## Task details
Your task is to quote the listing below exactly, beginning with its first line and ending on the line bearing "0) x (0, 1, 0)".

## Exercise inputs
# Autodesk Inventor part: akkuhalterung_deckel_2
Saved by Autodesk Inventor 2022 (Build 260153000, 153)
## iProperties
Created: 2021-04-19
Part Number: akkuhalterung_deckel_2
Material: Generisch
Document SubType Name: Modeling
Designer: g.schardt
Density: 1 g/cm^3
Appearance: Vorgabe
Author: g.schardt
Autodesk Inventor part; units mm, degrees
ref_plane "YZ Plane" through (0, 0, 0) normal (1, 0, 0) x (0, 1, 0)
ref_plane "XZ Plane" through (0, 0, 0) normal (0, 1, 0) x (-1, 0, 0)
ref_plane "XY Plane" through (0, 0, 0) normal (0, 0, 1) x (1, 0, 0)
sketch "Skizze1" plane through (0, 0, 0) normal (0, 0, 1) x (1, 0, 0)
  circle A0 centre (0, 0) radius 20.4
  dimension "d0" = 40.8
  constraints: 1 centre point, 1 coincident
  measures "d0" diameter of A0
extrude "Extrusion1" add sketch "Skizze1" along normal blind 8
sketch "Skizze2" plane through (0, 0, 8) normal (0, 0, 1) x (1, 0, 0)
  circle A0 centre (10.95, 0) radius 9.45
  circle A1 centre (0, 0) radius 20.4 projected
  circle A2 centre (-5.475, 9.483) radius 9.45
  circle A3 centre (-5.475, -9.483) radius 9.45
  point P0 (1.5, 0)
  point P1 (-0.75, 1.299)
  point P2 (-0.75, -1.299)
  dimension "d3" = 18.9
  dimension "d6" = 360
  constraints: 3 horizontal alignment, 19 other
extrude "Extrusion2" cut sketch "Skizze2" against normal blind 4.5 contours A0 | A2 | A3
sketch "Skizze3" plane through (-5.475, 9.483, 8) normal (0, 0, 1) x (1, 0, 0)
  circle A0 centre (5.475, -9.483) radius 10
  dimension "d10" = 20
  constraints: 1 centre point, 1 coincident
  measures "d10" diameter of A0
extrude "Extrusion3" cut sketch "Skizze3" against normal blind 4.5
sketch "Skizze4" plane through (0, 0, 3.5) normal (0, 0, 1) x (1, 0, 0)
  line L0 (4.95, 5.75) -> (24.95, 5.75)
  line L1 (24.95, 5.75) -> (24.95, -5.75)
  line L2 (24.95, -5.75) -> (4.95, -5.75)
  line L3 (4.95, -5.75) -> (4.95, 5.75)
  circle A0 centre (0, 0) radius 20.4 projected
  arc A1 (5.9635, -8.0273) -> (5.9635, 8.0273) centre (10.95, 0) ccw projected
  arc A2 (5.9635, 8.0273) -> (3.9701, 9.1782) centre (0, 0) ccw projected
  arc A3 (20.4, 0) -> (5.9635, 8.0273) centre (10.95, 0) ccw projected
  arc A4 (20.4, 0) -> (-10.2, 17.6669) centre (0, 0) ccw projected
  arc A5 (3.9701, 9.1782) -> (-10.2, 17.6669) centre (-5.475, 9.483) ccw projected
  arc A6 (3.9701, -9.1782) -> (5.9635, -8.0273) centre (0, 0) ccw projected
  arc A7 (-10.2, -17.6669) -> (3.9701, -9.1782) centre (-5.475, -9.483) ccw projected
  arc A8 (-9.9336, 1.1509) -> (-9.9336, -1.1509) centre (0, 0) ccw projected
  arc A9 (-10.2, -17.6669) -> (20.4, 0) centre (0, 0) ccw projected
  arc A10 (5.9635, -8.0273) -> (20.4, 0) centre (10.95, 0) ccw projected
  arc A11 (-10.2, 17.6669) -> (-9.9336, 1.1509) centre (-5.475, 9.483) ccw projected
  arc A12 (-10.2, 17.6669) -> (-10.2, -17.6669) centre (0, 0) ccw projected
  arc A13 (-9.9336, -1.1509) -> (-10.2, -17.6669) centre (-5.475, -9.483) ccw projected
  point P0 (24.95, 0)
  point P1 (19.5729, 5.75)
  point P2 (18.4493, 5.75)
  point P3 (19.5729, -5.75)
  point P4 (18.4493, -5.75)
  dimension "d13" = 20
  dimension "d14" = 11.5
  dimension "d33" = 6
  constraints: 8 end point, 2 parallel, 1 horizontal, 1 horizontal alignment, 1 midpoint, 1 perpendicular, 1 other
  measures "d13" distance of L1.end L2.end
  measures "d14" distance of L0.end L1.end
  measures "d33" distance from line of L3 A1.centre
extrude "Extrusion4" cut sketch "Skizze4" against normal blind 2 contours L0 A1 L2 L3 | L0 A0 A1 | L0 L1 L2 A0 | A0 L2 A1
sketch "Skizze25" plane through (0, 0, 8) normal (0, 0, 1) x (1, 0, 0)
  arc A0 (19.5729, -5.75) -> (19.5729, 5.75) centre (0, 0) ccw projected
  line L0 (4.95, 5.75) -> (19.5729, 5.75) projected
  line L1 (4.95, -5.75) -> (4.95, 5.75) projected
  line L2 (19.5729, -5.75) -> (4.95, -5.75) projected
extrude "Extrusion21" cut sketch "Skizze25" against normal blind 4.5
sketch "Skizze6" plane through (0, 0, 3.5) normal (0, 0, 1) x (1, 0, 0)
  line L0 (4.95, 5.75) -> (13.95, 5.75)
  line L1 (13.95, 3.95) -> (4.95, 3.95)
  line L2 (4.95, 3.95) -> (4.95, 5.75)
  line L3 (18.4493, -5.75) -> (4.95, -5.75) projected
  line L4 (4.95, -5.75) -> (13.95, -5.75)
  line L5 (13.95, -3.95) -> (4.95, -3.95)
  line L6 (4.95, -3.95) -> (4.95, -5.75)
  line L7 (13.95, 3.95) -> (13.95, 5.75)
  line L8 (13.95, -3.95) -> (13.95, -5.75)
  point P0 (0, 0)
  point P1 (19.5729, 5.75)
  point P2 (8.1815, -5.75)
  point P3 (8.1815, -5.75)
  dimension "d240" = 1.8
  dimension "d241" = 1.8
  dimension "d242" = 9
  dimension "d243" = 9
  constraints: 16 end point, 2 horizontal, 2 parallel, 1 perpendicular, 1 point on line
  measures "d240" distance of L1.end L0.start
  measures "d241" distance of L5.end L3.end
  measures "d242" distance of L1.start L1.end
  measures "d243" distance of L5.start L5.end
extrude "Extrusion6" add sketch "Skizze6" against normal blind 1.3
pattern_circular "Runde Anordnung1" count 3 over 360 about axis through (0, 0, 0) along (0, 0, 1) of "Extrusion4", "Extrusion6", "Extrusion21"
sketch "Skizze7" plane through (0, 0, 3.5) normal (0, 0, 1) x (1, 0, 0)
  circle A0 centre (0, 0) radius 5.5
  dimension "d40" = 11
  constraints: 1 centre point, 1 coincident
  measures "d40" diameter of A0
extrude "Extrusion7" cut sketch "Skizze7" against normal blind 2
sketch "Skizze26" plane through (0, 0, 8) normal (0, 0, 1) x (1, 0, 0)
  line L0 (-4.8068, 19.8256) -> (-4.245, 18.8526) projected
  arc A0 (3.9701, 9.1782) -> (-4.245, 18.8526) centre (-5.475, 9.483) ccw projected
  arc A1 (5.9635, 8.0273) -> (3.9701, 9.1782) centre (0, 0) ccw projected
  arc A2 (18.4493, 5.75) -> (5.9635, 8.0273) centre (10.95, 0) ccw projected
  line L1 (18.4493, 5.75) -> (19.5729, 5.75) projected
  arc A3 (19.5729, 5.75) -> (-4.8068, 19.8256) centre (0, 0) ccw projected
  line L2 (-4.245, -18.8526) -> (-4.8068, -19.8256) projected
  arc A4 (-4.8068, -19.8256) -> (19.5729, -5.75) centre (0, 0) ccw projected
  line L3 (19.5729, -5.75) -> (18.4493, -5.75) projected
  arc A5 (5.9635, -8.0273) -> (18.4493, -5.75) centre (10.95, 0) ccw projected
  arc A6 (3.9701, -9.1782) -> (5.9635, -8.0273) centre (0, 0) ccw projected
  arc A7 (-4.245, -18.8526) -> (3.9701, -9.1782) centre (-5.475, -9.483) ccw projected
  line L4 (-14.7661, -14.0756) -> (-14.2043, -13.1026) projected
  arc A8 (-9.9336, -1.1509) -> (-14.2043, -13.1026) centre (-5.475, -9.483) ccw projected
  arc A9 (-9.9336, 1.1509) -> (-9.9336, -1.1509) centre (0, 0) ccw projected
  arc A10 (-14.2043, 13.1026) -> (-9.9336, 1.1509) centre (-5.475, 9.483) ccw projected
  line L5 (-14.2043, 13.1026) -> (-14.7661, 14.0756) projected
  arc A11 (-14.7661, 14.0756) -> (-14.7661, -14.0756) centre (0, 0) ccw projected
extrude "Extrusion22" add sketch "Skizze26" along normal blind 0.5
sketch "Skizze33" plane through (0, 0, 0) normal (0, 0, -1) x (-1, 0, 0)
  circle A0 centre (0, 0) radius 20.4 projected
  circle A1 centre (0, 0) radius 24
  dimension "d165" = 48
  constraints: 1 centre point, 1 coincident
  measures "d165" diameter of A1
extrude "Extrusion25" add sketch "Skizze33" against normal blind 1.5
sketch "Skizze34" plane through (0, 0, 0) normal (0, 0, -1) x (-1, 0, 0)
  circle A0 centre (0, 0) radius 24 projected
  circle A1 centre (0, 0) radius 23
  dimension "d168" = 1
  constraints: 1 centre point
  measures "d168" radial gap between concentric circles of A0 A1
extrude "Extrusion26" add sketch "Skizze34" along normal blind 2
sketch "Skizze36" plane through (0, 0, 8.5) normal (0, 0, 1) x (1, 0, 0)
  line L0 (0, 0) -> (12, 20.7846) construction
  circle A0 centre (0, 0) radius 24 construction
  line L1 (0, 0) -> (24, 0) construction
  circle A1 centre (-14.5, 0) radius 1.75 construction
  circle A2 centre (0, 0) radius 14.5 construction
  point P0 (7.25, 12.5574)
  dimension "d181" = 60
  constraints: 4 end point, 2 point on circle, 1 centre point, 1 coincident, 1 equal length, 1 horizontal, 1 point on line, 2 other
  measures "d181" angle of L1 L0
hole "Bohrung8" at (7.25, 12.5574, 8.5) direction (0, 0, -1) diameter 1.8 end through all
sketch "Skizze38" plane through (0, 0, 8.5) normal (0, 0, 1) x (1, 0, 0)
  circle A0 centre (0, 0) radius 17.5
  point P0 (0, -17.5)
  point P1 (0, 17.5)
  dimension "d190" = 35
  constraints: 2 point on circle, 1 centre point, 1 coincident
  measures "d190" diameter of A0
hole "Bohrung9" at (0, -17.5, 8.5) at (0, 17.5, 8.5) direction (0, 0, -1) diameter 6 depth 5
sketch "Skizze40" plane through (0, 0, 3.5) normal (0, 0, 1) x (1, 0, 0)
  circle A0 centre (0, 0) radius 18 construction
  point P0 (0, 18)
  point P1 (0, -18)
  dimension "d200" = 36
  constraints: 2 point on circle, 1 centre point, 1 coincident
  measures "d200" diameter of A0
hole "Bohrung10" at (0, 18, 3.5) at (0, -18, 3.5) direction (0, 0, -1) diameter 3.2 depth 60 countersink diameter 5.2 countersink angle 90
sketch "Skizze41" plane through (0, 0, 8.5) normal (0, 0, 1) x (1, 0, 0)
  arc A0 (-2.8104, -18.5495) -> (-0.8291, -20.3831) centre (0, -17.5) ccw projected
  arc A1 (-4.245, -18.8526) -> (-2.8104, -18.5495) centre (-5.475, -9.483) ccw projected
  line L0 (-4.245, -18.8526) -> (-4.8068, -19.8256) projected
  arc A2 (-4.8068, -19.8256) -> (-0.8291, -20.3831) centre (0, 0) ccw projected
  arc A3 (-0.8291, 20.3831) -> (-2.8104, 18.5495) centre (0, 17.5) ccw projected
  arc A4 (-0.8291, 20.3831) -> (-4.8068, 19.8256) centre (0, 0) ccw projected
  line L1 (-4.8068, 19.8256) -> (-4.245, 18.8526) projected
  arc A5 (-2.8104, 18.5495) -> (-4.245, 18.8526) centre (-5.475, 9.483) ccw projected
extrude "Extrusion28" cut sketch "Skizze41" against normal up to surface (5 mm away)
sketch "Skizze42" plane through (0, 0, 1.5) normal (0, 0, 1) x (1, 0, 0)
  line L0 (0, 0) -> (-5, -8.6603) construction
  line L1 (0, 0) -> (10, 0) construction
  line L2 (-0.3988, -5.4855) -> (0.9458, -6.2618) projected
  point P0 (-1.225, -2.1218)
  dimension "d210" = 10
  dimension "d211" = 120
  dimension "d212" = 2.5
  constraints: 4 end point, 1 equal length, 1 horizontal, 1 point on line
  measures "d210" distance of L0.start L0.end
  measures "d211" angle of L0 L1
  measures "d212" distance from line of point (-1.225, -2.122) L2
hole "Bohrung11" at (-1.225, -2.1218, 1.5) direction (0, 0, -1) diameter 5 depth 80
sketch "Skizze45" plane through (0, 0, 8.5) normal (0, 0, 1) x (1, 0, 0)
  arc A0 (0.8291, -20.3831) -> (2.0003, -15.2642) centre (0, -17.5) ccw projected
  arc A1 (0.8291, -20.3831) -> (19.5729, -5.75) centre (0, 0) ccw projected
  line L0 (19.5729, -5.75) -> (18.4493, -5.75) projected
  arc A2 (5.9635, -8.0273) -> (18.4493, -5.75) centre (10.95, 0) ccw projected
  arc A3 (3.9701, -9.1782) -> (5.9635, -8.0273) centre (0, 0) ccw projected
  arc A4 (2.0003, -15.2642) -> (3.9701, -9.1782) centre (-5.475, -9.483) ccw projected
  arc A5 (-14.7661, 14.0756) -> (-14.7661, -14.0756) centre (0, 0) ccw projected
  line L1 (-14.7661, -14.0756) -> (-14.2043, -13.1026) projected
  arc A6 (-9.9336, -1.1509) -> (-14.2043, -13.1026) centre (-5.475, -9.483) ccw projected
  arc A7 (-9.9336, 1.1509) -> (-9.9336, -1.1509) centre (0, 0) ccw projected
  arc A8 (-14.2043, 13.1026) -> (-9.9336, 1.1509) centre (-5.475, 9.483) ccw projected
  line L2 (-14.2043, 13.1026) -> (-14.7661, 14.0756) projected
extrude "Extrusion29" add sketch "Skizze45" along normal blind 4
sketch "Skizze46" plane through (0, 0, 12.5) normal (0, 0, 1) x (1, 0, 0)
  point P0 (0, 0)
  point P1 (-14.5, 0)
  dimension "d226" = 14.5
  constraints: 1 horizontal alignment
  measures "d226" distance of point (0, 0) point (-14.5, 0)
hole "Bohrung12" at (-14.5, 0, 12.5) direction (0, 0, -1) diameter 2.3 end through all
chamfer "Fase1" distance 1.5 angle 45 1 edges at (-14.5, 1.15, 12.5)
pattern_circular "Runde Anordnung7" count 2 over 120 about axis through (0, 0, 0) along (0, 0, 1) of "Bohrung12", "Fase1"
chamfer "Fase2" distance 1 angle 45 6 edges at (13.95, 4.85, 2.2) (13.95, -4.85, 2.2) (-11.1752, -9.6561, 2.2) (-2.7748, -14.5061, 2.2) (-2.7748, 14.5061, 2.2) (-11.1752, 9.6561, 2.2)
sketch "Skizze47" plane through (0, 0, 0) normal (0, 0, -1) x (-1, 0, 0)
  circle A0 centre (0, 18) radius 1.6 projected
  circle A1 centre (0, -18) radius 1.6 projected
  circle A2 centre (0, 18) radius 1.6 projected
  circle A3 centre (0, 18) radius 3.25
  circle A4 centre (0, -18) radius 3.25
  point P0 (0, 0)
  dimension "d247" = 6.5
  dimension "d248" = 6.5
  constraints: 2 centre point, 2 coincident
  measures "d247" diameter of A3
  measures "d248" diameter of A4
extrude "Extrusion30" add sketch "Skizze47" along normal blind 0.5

## Exercise answer
# Autodesk Inventor part: akkuhalterung_deckel_2
Saved by Autodesk Inventor 2022 (Build 260153000, 153)
## iProperties
Created: 2021-04-19
Part Number: akkuhalterung_deckel_2
Material: Generisch
Document SubType Name: Modeling
Designer: g.schardt
Density: 1 g/cm^3
Appearance: Vorgabe
Author: g.schardt
Autodesk Inventor part; units mm, degrees
ref_plane "YZ Plane" through (0, 0, 0) normal (1, 0, 0) x (0, 1, 0)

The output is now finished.